赤ちゃんって、まだごはんを食べられないよね。もしかして、お母さんのおっぱいだけを飲んでいるから、まだ悪玉菌がいないのかな?


カホも、赤ちゃんのときはそうだったよ。


じゃあ少しずつ大きくなって、いろいろなものを食べるようになると、それを通して悪玉菌も体の中に入ってくる。

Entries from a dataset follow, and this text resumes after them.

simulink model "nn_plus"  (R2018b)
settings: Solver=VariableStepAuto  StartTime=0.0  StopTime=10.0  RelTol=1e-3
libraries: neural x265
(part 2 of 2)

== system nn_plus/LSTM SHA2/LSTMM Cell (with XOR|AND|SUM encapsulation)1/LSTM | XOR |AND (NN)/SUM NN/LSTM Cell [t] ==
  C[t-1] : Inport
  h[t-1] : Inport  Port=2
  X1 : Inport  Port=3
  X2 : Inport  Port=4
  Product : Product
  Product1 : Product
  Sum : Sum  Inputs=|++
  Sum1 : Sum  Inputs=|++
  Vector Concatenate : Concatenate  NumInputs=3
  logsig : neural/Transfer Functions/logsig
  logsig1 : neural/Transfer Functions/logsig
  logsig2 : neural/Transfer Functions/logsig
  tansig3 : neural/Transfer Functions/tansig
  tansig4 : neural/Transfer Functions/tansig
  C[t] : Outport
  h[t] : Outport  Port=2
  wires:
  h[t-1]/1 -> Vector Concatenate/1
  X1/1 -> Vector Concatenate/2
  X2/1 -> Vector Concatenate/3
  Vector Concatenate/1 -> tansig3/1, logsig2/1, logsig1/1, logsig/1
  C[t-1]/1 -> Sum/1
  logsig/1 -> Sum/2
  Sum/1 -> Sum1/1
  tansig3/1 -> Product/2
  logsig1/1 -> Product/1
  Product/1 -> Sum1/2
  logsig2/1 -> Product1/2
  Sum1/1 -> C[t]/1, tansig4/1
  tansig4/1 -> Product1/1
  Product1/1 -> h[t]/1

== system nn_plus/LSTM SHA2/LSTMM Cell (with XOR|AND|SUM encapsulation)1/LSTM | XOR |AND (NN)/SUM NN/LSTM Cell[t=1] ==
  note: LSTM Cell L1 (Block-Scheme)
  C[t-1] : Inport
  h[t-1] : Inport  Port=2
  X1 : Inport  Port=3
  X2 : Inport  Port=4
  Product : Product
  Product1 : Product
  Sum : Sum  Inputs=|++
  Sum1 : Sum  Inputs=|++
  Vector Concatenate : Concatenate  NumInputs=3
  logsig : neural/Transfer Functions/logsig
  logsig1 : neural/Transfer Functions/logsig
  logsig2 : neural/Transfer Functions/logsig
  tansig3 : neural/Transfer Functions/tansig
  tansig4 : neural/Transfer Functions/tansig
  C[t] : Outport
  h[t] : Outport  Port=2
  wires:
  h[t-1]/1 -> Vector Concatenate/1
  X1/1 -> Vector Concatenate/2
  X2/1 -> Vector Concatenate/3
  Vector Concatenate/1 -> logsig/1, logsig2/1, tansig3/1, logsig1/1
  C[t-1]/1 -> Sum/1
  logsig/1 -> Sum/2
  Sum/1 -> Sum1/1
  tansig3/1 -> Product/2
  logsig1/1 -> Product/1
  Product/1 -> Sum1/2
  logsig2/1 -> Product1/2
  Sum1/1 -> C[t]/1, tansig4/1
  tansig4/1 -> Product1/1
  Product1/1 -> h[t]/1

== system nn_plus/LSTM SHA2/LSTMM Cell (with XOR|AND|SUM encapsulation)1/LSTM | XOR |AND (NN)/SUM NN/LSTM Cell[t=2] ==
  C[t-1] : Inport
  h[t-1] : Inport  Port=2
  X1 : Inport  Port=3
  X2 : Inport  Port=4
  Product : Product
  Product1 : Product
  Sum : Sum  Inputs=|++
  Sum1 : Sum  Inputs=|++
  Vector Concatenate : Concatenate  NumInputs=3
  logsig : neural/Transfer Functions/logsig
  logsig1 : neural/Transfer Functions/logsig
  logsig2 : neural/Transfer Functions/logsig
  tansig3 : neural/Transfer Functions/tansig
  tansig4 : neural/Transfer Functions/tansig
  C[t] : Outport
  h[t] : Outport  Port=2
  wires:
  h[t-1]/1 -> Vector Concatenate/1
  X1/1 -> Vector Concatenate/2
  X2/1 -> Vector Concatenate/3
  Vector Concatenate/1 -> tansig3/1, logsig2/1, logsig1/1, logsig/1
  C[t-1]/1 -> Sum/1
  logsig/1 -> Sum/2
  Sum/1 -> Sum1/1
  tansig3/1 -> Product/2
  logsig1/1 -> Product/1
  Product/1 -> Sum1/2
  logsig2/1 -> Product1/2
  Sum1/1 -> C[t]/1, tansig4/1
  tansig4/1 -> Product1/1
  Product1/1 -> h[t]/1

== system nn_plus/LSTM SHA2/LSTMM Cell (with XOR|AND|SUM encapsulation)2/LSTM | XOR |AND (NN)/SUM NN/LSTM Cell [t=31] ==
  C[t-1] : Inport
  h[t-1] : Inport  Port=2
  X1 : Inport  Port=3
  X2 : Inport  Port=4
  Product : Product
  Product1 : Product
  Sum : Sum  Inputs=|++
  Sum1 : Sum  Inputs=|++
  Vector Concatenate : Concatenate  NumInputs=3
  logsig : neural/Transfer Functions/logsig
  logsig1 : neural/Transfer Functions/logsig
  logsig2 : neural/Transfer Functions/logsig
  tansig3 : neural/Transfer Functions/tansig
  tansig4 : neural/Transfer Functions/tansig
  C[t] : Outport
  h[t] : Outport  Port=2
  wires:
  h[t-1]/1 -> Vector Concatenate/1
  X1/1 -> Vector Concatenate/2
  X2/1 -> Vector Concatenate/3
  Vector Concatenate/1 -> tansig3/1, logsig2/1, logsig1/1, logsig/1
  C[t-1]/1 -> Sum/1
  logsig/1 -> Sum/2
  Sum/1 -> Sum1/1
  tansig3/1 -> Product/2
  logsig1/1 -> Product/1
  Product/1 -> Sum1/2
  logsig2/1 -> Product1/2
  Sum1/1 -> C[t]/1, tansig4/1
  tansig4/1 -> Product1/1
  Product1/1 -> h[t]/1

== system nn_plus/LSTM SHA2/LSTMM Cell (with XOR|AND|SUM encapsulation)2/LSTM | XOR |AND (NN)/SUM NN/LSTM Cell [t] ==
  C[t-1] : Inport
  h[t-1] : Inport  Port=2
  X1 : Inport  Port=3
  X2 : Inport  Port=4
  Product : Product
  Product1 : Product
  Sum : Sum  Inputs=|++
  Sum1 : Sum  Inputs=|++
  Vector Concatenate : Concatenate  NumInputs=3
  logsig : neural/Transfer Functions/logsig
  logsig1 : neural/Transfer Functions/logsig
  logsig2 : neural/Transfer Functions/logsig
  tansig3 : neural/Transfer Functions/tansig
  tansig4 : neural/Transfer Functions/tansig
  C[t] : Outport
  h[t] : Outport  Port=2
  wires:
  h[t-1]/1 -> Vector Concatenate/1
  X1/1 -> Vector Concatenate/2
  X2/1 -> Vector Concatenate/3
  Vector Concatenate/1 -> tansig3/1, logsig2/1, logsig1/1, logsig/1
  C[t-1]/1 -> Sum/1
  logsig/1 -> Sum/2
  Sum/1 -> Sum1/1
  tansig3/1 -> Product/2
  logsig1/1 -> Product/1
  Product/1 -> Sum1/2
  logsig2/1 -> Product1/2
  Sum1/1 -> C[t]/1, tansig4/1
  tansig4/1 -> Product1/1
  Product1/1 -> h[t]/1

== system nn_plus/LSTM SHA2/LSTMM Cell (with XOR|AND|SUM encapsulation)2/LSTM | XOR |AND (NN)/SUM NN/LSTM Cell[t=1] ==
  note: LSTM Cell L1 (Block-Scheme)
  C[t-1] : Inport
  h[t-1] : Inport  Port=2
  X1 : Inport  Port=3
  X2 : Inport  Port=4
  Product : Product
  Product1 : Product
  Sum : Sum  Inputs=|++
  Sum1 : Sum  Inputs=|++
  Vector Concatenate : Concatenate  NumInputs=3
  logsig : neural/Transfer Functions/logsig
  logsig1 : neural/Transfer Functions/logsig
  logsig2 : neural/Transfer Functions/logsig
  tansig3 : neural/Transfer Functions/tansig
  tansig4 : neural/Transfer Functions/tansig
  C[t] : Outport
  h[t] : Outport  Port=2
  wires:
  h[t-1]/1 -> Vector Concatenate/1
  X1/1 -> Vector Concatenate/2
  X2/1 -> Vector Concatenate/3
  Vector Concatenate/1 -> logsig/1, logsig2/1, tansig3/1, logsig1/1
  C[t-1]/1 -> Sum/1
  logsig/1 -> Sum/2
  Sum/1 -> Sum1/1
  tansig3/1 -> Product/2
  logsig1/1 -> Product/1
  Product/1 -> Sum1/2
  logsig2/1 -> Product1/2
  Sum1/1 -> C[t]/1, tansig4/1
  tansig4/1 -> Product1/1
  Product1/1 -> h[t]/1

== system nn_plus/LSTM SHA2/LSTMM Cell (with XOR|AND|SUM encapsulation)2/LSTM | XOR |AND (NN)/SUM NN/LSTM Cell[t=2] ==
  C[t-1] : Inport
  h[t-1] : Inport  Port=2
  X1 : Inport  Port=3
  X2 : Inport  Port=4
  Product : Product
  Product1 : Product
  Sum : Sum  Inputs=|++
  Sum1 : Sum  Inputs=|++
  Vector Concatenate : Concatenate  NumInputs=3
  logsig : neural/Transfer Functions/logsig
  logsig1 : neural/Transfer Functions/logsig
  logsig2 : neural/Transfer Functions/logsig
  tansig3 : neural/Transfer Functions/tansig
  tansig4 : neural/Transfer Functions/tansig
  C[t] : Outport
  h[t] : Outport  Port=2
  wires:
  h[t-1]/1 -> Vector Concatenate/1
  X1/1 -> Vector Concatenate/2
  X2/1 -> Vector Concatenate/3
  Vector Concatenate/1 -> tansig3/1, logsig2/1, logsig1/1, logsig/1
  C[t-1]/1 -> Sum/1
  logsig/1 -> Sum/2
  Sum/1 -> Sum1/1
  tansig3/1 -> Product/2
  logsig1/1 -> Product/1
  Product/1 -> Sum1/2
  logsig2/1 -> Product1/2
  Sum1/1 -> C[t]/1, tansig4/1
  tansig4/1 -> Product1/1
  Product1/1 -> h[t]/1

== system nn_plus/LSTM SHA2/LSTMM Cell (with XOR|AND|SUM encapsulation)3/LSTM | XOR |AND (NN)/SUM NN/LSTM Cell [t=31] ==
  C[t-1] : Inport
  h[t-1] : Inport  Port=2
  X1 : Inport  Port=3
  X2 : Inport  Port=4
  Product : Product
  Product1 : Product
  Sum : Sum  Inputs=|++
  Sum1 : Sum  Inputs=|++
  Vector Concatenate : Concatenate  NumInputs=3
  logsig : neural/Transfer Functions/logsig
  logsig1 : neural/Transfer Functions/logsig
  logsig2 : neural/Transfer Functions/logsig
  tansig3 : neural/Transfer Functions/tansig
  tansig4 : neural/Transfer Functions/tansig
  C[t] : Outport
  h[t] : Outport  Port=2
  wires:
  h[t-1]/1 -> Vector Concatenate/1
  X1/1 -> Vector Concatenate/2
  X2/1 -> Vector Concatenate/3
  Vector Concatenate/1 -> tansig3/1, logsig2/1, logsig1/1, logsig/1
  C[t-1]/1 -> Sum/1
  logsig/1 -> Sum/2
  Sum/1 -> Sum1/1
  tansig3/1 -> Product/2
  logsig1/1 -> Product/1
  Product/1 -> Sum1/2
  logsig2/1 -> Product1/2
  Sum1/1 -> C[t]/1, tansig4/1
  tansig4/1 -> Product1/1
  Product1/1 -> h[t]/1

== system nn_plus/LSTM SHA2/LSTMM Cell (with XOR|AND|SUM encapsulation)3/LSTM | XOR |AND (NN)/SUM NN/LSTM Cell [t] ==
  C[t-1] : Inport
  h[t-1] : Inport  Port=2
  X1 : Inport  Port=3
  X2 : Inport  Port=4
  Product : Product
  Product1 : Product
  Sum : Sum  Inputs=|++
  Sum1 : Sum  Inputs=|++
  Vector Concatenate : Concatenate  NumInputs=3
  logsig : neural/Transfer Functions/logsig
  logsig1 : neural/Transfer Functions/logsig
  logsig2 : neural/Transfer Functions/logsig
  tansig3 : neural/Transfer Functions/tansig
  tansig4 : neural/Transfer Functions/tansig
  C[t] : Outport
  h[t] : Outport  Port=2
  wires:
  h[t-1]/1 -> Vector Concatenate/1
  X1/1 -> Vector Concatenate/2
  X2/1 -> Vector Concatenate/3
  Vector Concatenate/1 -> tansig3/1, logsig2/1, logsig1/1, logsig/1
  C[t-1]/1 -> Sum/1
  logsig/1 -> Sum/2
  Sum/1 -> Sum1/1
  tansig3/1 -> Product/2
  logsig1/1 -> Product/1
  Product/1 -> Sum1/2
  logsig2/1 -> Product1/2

でも、善玉菌の方が強ければ、体の中は健康でいられる。そして、細菌たちが食べものの残りかすを分解してくれたものが、ウンチとして出てくる。ということは、ウンチを見れば、大腸の中がどうなっているかがわかるのかな?


お、見事!ちゃんと最後までたどり着いたね。それが「ウンログ」の仕組みだよ。ウンチは、体の中で何が起こったのかを教えてくれるんだ。だから、毎日のウンチを確認していれば、体の調子がわかる。何を食べれば、どうなるのか。それが体に良い食べ物だったのかどうかも、ウンチでわかるんだ。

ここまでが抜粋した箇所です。